September 12, 2011

Santo Domingo, 9/11/2011

On Saturday, September 10, 2011 guests at the first Dominican Republic Environment Film Festival (DREFF) joined with marine mammal conservation experts to celebrate the 25th anniversary of the Dominican Republic’s historic Marine Mammal Sanctuary. The people of the DR formed the very first marine mammal sanctuary and it has grown over the years to be about equal in size to the land area of the country. 
The celebration was organized in partnership with GFDD and FUNGLODE and was held at FUNGLODE’s headquarters in Santo Domingo, preceded by the screening of the documentary film Ocean Voyageurs. The film follows a mother whale and her young calf on their sometimes perilous journey of discovery, and much of the footage presented was captured at the Marine Mammal Sanctuary off the coast of Samaná.

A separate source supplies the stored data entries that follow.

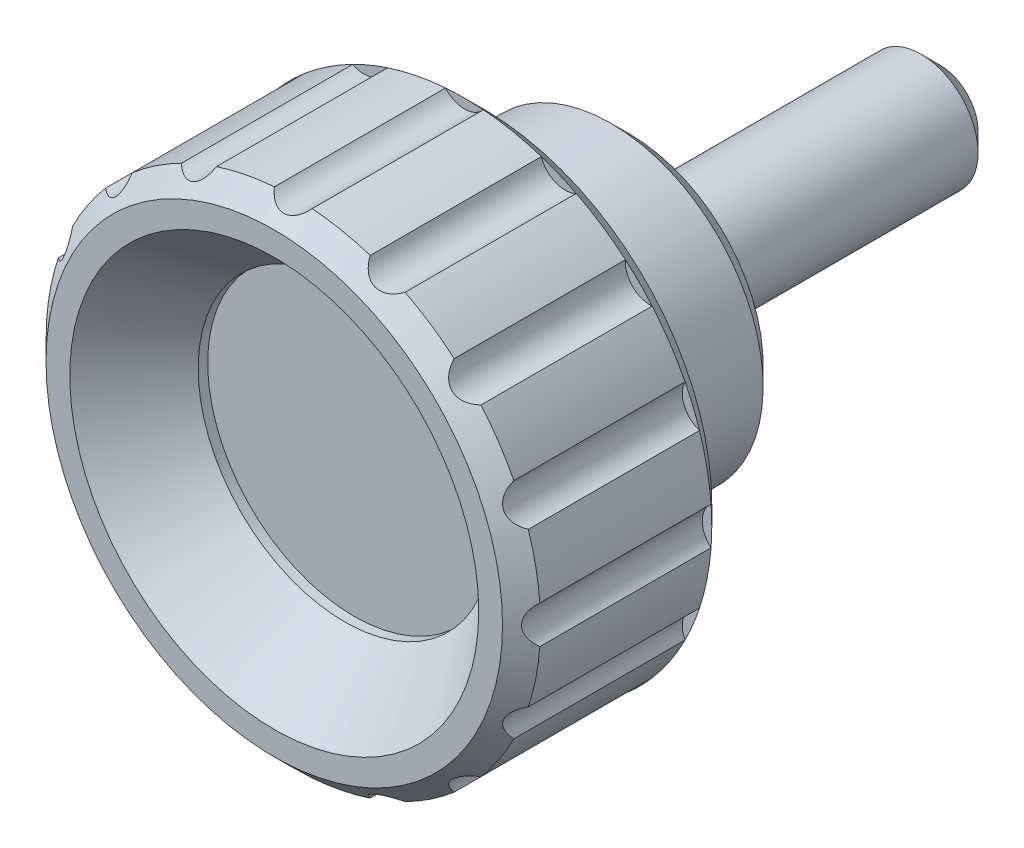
ISO-10303-21;
HEADER;
FILE_DESCRIPTION(('STEP AP214'),'2;1');
FILE_NAME('part.step','',(''),(''),'','','');
FILE_SCHEMA(('AUTOMOTIVE_DESIGN { 1 0 10303 214 1 1 1 1 }'));
ENDSEC;
DATA;
#1=APPLICATION_CONTEXT('core data for automotive mechanical design processes');
#2=APPLICATION_PROTOCOL_DEFINITION('international standard','automotive_design',2000,#1);
#3=PRODUCT_CONTEXT('',#1,'mechanical');
#4=PRODUCT('Part','Part','',(#3));
#5=PRODUCT_RELATED_PRODUCT_CATEGORY('part','',(#4));
#6=PRODUCT_DEFINITION_FORMATION('','',#4);
#7=PRODUCT_DEFINITION_CONTEXT('part definition',#1,'design');
#8=PRODUCT_DEFINITION('design','',#6,#7);
#9=PRODUCT_DEFINITION_SHAPE('','',#8);
#10=(LENGTH_UNIT() NAMED_UNIT(*) SI_UNIT(.MILLI.,.METRE.));
#11=(NAMED_UNIT(*) PLANE_ANGLE_UNIT() SI_UNIT($,.RADIAN.));
#12=(NAMED_UNIT(*) SI_UNIT($,.STERADIAN.) SOLID_ANGLE_UNIT());
#13=UNCERTAINTY_MEASURE_WITH_UNIT(LENGTH_MEASURE(1.E-05),#10,'distance_accuracy_value','');
#14=(GEOMETRIC_REPRESENTATION_CONTEXT(3) GLOBAL_UNCERTAINTY_ASSIGNED_CONTEXT((#13)) GLOBAL_UNIT_ASSIGNED_CONTEXT((#10,
#11,#12)) REPRESENTATION_CONTEXT('',''));
#15=CARTESIAN_POINT('',(0.,0.,0.));
#16=DIRECTION('',(0.,0.,1.));
#17=DIRECTION('',(1.,0.,0.));
#18=AXIS2_PLACEMENT_3D('',#15,#16,#17);
#19=CARTESIAN_POINT('',(-6.39920215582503E-13,-5.50485583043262E-13,7.99999999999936));
#20=DIRECTION('',(0.,0.,1.));
#21=DIRECTION('',(1.,0.,0.));
#22=AXIS2_PLACEMENT_3D('',#19,#20,#21);
#23=CYLINDRICAL_SURFACE('',#22,12.9999999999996);
#24=CARTESIAN_POINT('',(-1.43982048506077E-12,-1.23859256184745E-12,18.));
#25=DIRECTION('',(0.,0.,1.));
#26=DIRECTION('',(1.,0.,0.));
#27=AXIS2_PLACEMENT_3D('',#24,#25,#26);
#28=CIRCLE('',#27,12.9999999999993);
#29=CARTESIAN_POINT('',(-4.04215376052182,-12.3556057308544,17.9999999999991));
#30=VERTEX_POINT('',#29);
#31=CARTESIAN_POINT('',(-0.99382248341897,-12.9619565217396,17.9999999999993));
#32=VERTEX_POINT('',#31);
#33=EDGE_CURVE('E410',#30,#32,#28,.T.);
#34=ORIENTED_EDGE('',*,*,#33,.F.);
#35=DIRECTION('',(0.,0.,1.));
#36=VECTOR('',#35,1.);
#37=CARTESIAN_POINT('',(-4.04215376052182,-12.3556057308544,14.));
#38=LINE('',#37,#36);
#39=CARTESIAN_POINT('',(-4.04215376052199,-12.3556057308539,9.));
#40=VERTEX_POINT('',#39);
#41=EDGE_CURVE('E616',#30,#40,#38,.F.);
#42=ORIENTED_EDGE('',*,*,#41,.T.);
#43=CARTESIAN_POINT('',(-7.19910242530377E-13,-6.19296280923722E-13,9.));
#44=DIRECTION('',(0.,0.,1.));
#45=DIRECTION('',(1.,0.,0.));
#46=AXIS2_PLACEMENT_3D('',#43,#44,#45);
#47=CIRCLE('',#46,13.);
#48=CARTESIAN_POINT('',(-0.993822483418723,-12.9619565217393,9.));
#49=VERTEX_POINT('',#48);
#50=EDGE_CURVE('E474',#40,#49,#47,.T.);
#51=ORIENTED_EDGE('',*,*,#50,.T.);
#52=DIRECTION('',(0.,0.,1.));
#53=VECTOR('',#52,1.);
#54=CARTESIAN_POINT('',(-0.993822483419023,-12.9619565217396,14.));
#55=LINE('',#54,#53);
#56=EDGE_CURVE('E584',#49,#32,#55,.T.);
#57=ORIENTED_EDGE('',*,*,#56,.T.);
#58=EDGE_LOOP('',(#34,#42,#51,#57));
#59=FACE_BOUND('',#58,.T.);
#60=ADVANCED_FACE('F14',(#59),#23,.T.);
#61=CARTESIAN_POINT('',(-8.46274873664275,-9.86822597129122,9.));
#62=VERTEX_POINT('',#61);
#63=CARTESIAN_POINT('',(-5.87849826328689,-11.5949669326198,9.));
#64=VERTEX_POINT('',#63);
#65=EDGE_CURVE('E484',#62,#64,#47,.T.);
#66=ORIENTED_EDGE('',*,*,#65,.T.);
#67=DIRECTION('',(0.,0.,1.));
#68=VECTOR('',#67,1.);
#69=CARTESIAN_POINT('',(-5.87849826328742,-11.5949669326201,14.));
#70=LINE('',#69,#68);
#71=CARTESIAN_POINT('',(-5.87849826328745,-11.5949669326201,17.999999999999));
#72=VERTEX_POINT('',#71);
#73=EDGE_CURVE('E614',#64,#72,#70,.T.);
#74=ORIENTED_EDGE('',*,*,#73,.T.);
#75=CARTESIAN_POINT('',(-8.46274873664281,-9.86822597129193,17.9999999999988));
#76=VERTEX_POINT('',#75);
#77=EDGE_CURVE('E406',#76,#72,#28,.T.);
#78=ORIENTED_EDGE('',*,*,#77,.F.);
#79=DIRECTION('',(0.,0.,1.));
#80=VECTOR('',#79,1.);
#81=CARTESIAN_POINT('',(-8.46274873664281,-9.86822597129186,14.));
#82=LINE('',#81,#80);
#83=EDGE_CURVE('E612',#76,#62,#82,.F.);
#84=ORIENTED_EDGE('',*,*,#83,.T.);
#85=EDGE_LOOP('',(#66,#74,#78,#84));
#86=FACE_BOUND('',#85,.T.);
#87=ADVANCED_FACE('F343',(#86),#23,.T.);
#88=CARTESIAN_POINT('',(-11.5949669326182,-5.87849826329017,9.));
#89=VERTEX_POINT('',#88);
#90=CARTESIAN_POINT('',(-9.86822597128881,-8.46274873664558,9.));
#91=VERTEX_POINT('',#90);
#92=EDGE_CURVE('E494',#89,#91,#47,.T.);
#93=ORIENTED_EDGE('',*,*,#92,.T.);
#94=DIRECTION('',(0.,0.,1.));
#95=VECTOR('',#94,1.);
#96=CARTESIAN_POINT('',(-9.86822597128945,-8.46274873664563,14.));
#97=LINE('',#96,#95);
#98=CARTESIAN_POINT('',(-9.86822597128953,-8.46274873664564,17.9999999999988));
#99=VERTEX_POINT('',#98);
#100=EDGE_CURVE('E610',#91,#99,#97,.T.);
#101=ORIENTED_EDGE('',*,*,#100,.T.);
#102=CARTESIAN_POINT('',(-11.5949669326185,-5.87849826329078,17.9999999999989));
#103=VERTEX_POINT('',#102);
#104=EDGE_CURVE('E402',#103,#99,#28,.T.);
#105=ORIENTED_EDGE('',*,*,#104,.F.);
#106=DIRECTION('',(0.,0.,1.));
#107=VECTOR('',#106,1.);
#108=CARTESIAN_POINT('',(-11.5949669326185,-5.87849826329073,14.));
#109=LINE('',#108,#107);
#110=EDGE_CURVE('E608',#103,#89,#109,.F.);
#111=ORIENTED_EDGE('',*,*,#110,.T.);
#112=EDGE_LOOP('',(#93,#101,#105,#111));
#113=FACE_BOUND('',#112,.T.);
#114=ADVANCED_FACE('F349',(#113),#23,.T.);
#115=CARTESIAN_POINT('',(-12.9619565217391,-0.993822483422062,9.));
#116=VERTEX_POINT('',#115);
#117=CARTESIAN_POINT('',(-12.3556057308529,-4.04215376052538,9.));
#118=VERTEX_POINT('',#117);
#119=EDGE_CURVE('E505',#116,#118,#47,.T.);
#120=ORIENTED_EDGE('',*,*,#119,.T.);
#121=DIRECTION('',(0.,0.,1.));
#122=VECTOR('',#121,1.);
#123=CARTESIAN_POINT('',(-12.3556057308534,-4.0421537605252,14.));
#124=LINE('',#123,#122);
#125=CARTESIAN_POINT('',(-12.3556057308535,-4.04215376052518,17.999999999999));
#126=VERTEX_POINT('',#125);
#127=EDGE_CURVE('E606',#118,#126,#124,.T.);
#128=ORIENTED_EDGE('',*,*,#127,.T.);
#129=CARTESIAN_POINT('',(-12.9619565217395,-0.993822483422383,17.9999999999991));
#130=VERTEX_POINT('',#129);
#131=EDGE_CURVE('E398',#130,#126,#28,.T.);
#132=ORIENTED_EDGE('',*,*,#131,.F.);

Invited guest speakers included renowned oceanographer Dr. Sylvia Earle, Minister of the Environment in the Dominican Republic, Don Ernesto Reyna and Dra. Idelisa Bonnelly de Calventi, President of the Dominican Foundation for Marine Research (FUNDEMAR).
Historically the role of the Dominican Republic as a world leader in the conservation of marine mammals is well established. On October 14, 1986, the Dominican Republic recognized the vital importance of the Silver Bank by establishing the La Plata Bank National Marine Sanctuary, also known as the Silver Bank Sanctuary. Ten years later the Dominican Republic strengthened that commitment on July 5, 1996, when a presidential decree enlarged the Sanctuary to its current size and renamed it the ‘Sanctuary for the Marine Mammals of the Dominican Republic.’ 

President Leonel Fernández and Dr. Earle
As part of the Sanctuary, all activity on the Silver Bank must adhere to strict guidelines set forth by the office of the Sub-Secretariat of Protected Areas & Biodiversity of the Dominican Republic, and is overseen by the on-site Coordinator of the Silver Bank. Among other things, these guidelines limit the number of vessels on the Silver Bank. In fact, no vessel may visit the area without a permit.

 La Plata Bank National Marine Sanctuary later inspired the creation of the Stellwagen Bank National Marine Sanctuary. This 842-square mile stretch of open water at the mouth of Massachusetts Bay is home to some 1,600 humpback whales of the more than 10,000 that migrate to the areas of Banco de Plata, Navidad and Samaná Bay each year. The whales travel between the rich feeding grounds of the Stellwagen Bank before heading south to the warmer waters of the Dominican Republic to give birth to their calves between December and April. Now, the Silver Bank is proud to host the largest concentration of whales in the world.

Dr. Earle met with the Director of the fishing cooperative at the La Caleta marine protected area, who took action to start conserving his reef area in collaboration with Reef Check. On a dive with Reef Check to explore the newly created marine protected area at La Caleta, Dr. Earle was pleased to see baby fish and healthy coral returning to the reef. 

The creation of the Dominican Republic’s  cutting-edge marine mammal sanctuary was made possible through the hard work and vision of many individuals, organizations and institutions, including FUNDEMAR, CIBIMAR and CEBSE.  We look forward to watching what the next 25 years will bring for this historic and inspirational corner of hope on our blue planet.